Suppose that there are \(n=2^{k}\) teams in an elimination tournament, where there are \(n / 2\) games in the first round, with the \(n / 2=2^{2-1}\) winners playing in the second round, and so on. (a) Develop a recurrence equation for the number of rounds in the tournament. (b) How many rounds are there in the tournament when there are 64 teams? (c) Solve the recurrence cquation of part (a).

Short Answer

Expert verified
The recurrence equation that represents the number of tournament rounds for \(n = 2^k\) teams is \(R(n) = R(n / 2) + 1\) with \(R(1) = 0\). For a 64-team tournament, there would be 6 rounds. The solution to this recurrence equation is \(R(n) = log_2(n)\).

Step by step solution

01

Develop a recurrence relation

Assuming there are \(n = 2^k\) teams in a tournament, and each match occurs between two teams and eliminates one, then the number of rounds \(R(n)\) needed to determine a champion is \(R(n) = R(n/2) + 1\). This is because after each round, half of the teams are eliminated, so we recursively define the number of rounds based on the number of teams left, which is \(n/2\), and add one to count the current round.
02

Apply the recurrence relation for a specific n

To determine how many rounds are needed for a 64-team tournament, we substitute \(n = 64 = 2^6\), which means \(R(64) = R(2^6) = 6+R(0)\). As \(R(1) = 0\) (base case: when there is only one team, no tournament is needed), so \(R(64) = 6\).
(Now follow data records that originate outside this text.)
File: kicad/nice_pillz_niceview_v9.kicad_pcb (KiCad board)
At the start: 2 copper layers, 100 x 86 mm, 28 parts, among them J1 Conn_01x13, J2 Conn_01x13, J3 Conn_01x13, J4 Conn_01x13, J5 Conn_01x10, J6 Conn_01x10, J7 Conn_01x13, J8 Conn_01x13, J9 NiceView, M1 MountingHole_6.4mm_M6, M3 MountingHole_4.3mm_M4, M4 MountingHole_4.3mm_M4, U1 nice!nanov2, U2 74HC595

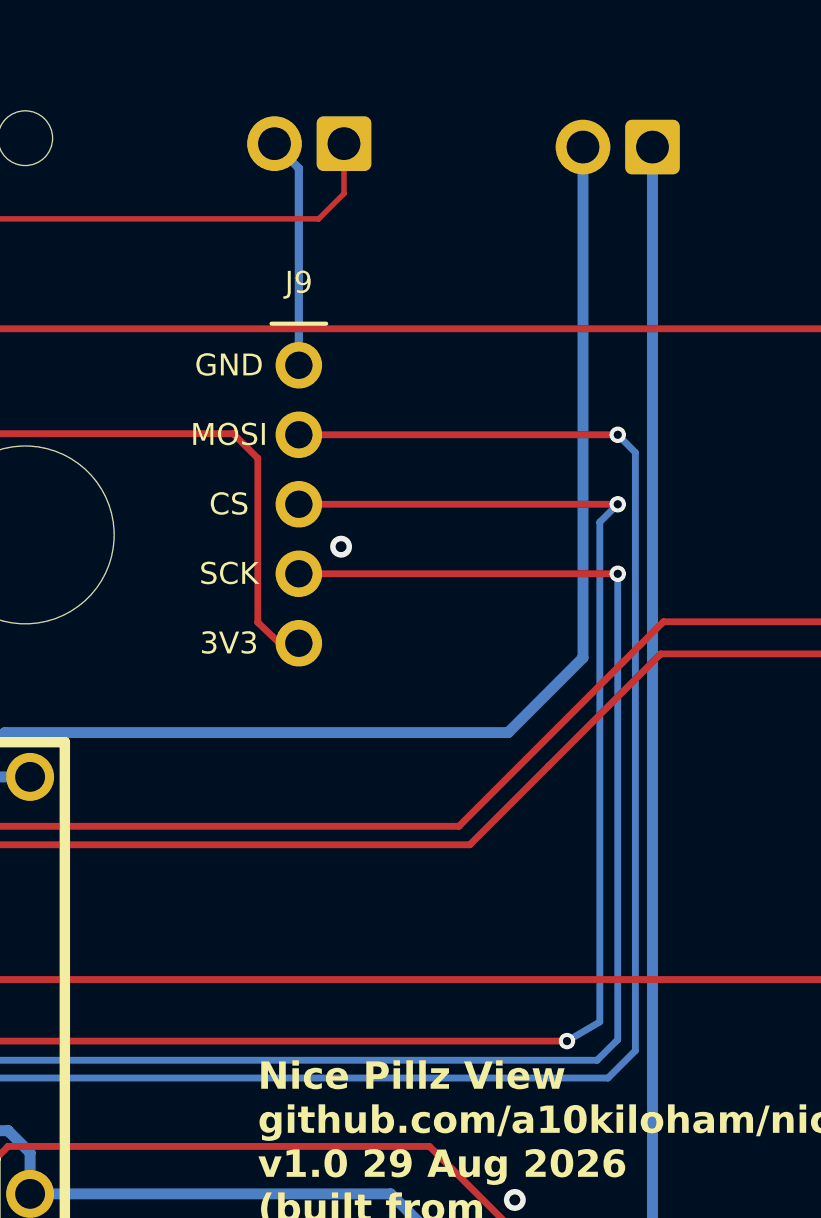
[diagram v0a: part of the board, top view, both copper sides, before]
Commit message: PCB: reorder J9 display header to match nice!view pinout
J9 now reads CS, GND, 3V3, SCK, MOSI top to bottom. Pad numbers and
nets are unchanged (schematic parity kept); pad positions and silk
labels moved within the footprint instance and the five connections
were rerouted. DRC (KiCad 10, zones refilled): no new violations,
0 unconnected items.

Co-Authored-By: Claude Fable 5.1 <noreply@anthropic.com>
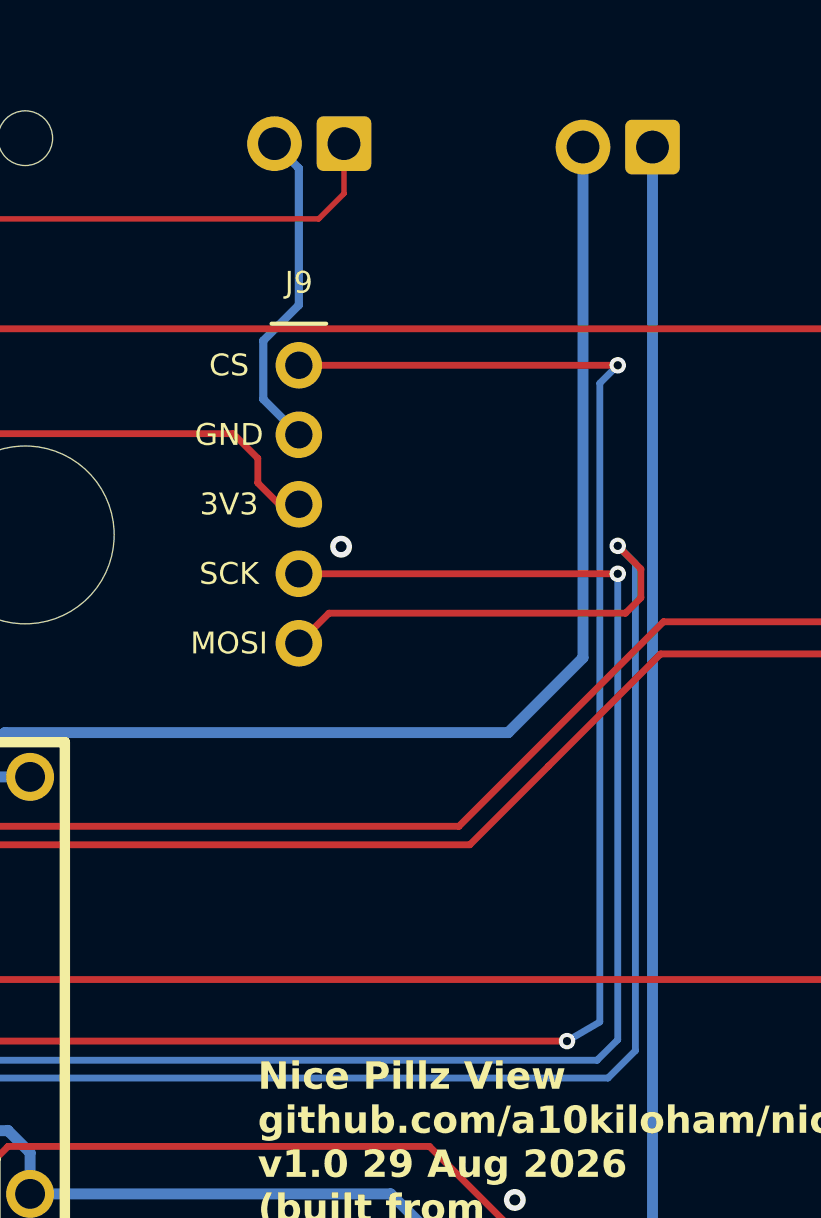
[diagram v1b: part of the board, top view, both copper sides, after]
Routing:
- net +5V: track 60.1 -> 55.0 mm
- net /LED_CAPS_LOCK: track 85.1 -> 90.1 mm
- net GND: track 63.3 -> 66.9 mm

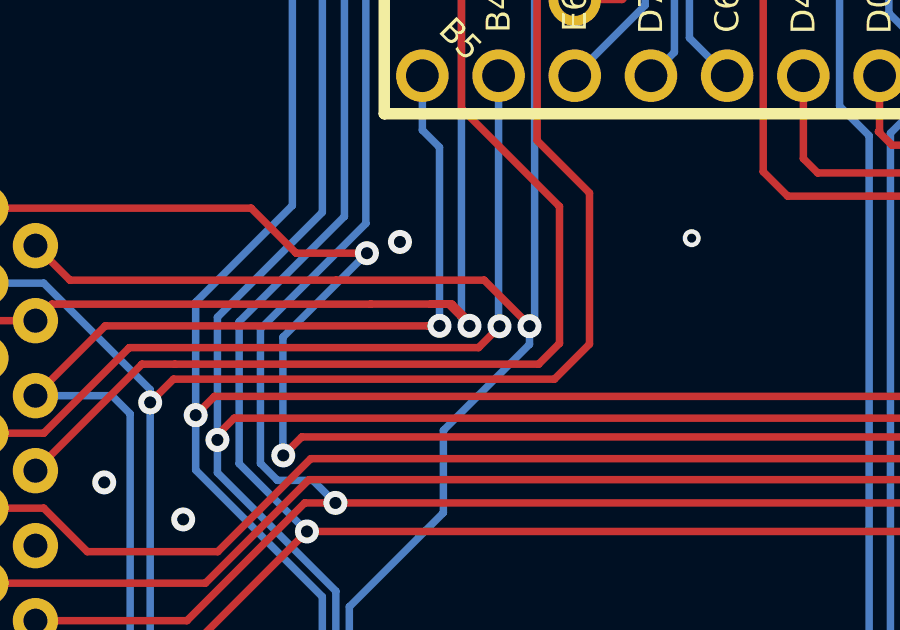
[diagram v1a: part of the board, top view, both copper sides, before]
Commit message: Repo cleanup and JLCPCB fabrication files
- kicad/jlcpcb: Gerbers (Protel ext, mask-subtracted silk), Excellon
  PTH/NPTH drills with maps, and a ready-to-upload zip, generated with
  kicad-cli from the committed board.
- PCB: remove a dangling ROW_3 track stub (DRC now 74 pre-existing
  warnings/errors, 0 unconnected).
- Drop stray .DS_Store files, the empty .gitkeep and the per-user
  .kicad_prl; extend .gitignore accordingly.
- README: ordering / regeneration instructions.

Co-Authored-By: Claude Fable 5.1 <noreply@anthropic.com>
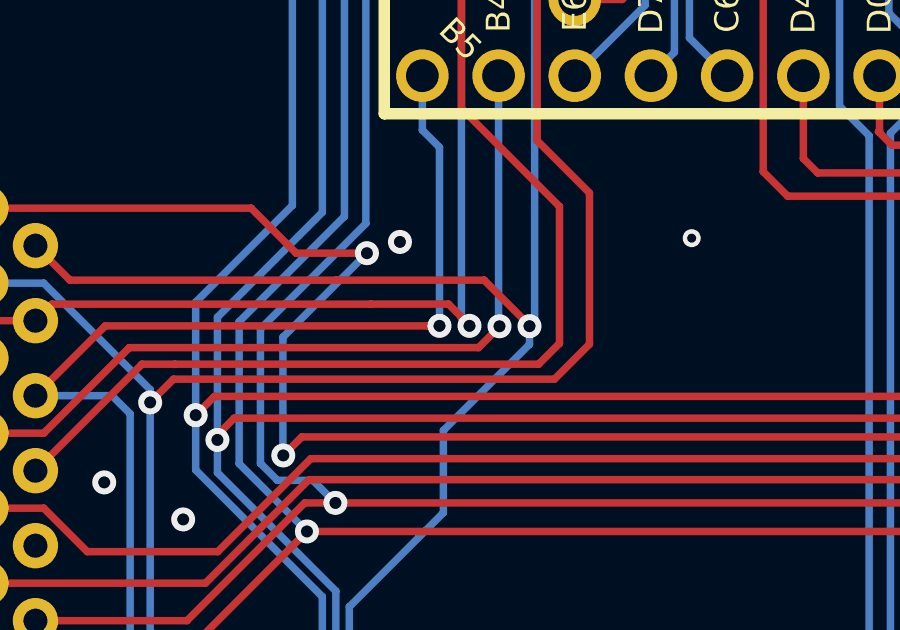
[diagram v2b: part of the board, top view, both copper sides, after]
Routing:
- net /ROW_3: track 75.4 -> 73.7 mm
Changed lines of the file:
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@@
-	)
-	(segment
-		(start 121.269003 106.780563)
-		(end 121.269003 106.92356)
-		(width 0.25)
-		(layer "F.Cu")
-		(net "/ROW_3")
-	)
-	(segment
-		(start 119.968695 106.19856)
-		(end 120.687 106.19856)
-		(width 0.25)
-		(layer "F.Cu")
-		(net "/ROW_3")
 	)
 	(segment
@@
 		(width 0.25)
 		(layer "F.Cu")
-		(net "/ROW_3")
-	)
-	(segment
-		(start 120.687 106.19856)
-		(end 121.269003 106.780563)
-		(width 0.25)
-		(layer "F.Cu")

So there will be 6 rounds in this tournament.
03

Solve the recurrence relation

The recurrence equation \(R(n) = R(n/2) + 1\) with base case \(R(1) = 0\) is a logarithmic relation. Since \(n = 2^k\), we can rewrite the relation as \(R(2^k) = R(2^{k-1}) + 1\). The solution of this relation is \(R(2^k) = k + R(1) = k\), which is a logarithm base 2 function.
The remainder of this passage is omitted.